The Venkatesvarlu group assigned the structure of A based on ¹H, ¹³C, COSY and NOESY NMR. The resonances at 3.57 (1H,d, J=13.5 Hz, H-15) and 3.46 (1H,d, J=13.5 Hz, H-15) in ¹H NMR, in conjunction with the resonance at 82.9 and 68.9 in ¹³C NMR with DEPT revealing the former as a tertiary centre and the latter as a secondary centre was used as a basis for assigning the epoxy group (see detail spectral listing below).

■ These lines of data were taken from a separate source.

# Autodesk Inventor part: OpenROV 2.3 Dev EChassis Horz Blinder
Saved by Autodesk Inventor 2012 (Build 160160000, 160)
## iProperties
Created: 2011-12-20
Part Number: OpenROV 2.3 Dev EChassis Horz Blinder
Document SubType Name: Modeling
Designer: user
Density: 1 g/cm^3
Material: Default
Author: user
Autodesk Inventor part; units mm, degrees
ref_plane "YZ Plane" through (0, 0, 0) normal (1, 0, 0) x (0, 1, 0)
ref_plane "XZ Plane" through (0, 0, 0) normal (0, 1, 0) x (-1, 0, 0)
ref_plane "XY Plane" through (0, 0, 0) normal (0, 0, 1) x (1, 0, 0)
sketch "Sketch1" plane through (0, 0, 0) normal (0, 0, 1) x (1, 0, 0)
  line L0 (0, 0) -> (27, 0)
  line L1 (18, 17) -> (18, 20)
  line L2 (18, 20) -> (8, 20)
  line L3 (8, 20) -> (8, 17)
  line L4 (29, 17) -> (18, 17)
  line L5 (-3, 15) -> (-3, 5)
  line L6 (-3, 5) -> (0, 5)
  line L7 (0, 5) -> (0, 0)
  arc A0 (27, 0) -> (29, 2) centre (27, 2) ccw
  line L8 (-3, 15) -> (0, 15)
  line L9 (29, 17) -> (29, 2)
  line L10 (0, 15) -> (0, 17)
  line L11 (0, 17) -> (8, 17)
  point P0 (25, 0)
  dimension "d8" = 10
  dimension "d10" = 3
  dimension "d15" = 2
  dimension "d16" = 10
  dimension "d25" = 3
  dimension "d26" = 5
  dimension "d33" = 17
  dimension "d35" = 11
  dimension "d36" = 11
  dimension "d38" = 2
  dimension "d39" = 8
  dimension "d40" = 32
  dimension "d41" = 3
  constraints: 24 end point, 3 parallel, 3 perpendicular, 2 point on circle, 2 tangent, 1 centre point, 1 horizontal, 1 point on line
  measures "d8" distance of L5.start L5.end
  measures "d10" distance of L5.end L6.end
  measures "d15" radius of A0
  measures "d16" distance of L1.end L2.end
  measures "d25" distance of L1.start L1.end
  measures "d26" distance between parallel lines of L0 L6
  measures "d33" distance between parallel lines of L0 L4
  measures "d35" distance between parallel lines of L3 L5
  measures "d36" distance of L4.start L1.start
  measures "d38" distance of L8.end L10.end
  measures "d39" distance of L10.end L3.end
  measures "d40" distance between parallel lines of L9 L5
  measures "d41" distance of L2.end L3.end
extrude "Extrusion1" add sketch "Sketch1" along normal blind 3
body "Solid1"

The Venkatesvarlu group also did synthetic studies to confirm the epoxide structure, and it was reported that epoxidation of the alkene Δ⁹⁽¹⁵⁾-Africanene (13) yields an inseparable mixture of A and its C9 epimer as confirmed by NMR.

In 2011, the Nakata group reported a total synthesis of Δ⁹⁽¹⁵⁾-Africanene (13), utilising ring closing metathesis as the key synthetic step to build the seven membered ring. ^[15] Epoxidation of Δ⁹⁽¹⁵⁾-Africanene (13) with mCPBA yield a diastereomeric mixture of epoxides, which is separated by further reaction with base, which generates a separable mixture of diols. The diols crystallised and characterised by X-ray crystallography. The epoxide is then reformed by reaction with tosyl imidazole, transforming the primary hydroxyl to a leaving group, followed by sodium hydride as base to deprotonate the tertiary hydroxyl. Interestingly, the NMR of the epoxide, which is a colourless syrup, is not congruent with the NMR data reported by Venkateswarlu group. It seems that under identical reaction condition (epoxidation of Δ⁹⁽¹⁵⁾-Africanene with mCPBA), the two groups obtained divergent results! Even more interestingly, both groups did a OsO₄ dihydroxylation on 13 to confirm the structure of 13, and the spectral data for the resulting diol obtained from both groups are in agreement with each other.

Endo Product

Reported crystal structure of 14 by the Nakata group

This miniproject aims to shed some light on the apparent mystery by establishing, using GIAO NMR prediction, whether the Nakata group obtained epoxide A as they claimed, and if so, what is the natural product that the Venkatesvarlu group isolated.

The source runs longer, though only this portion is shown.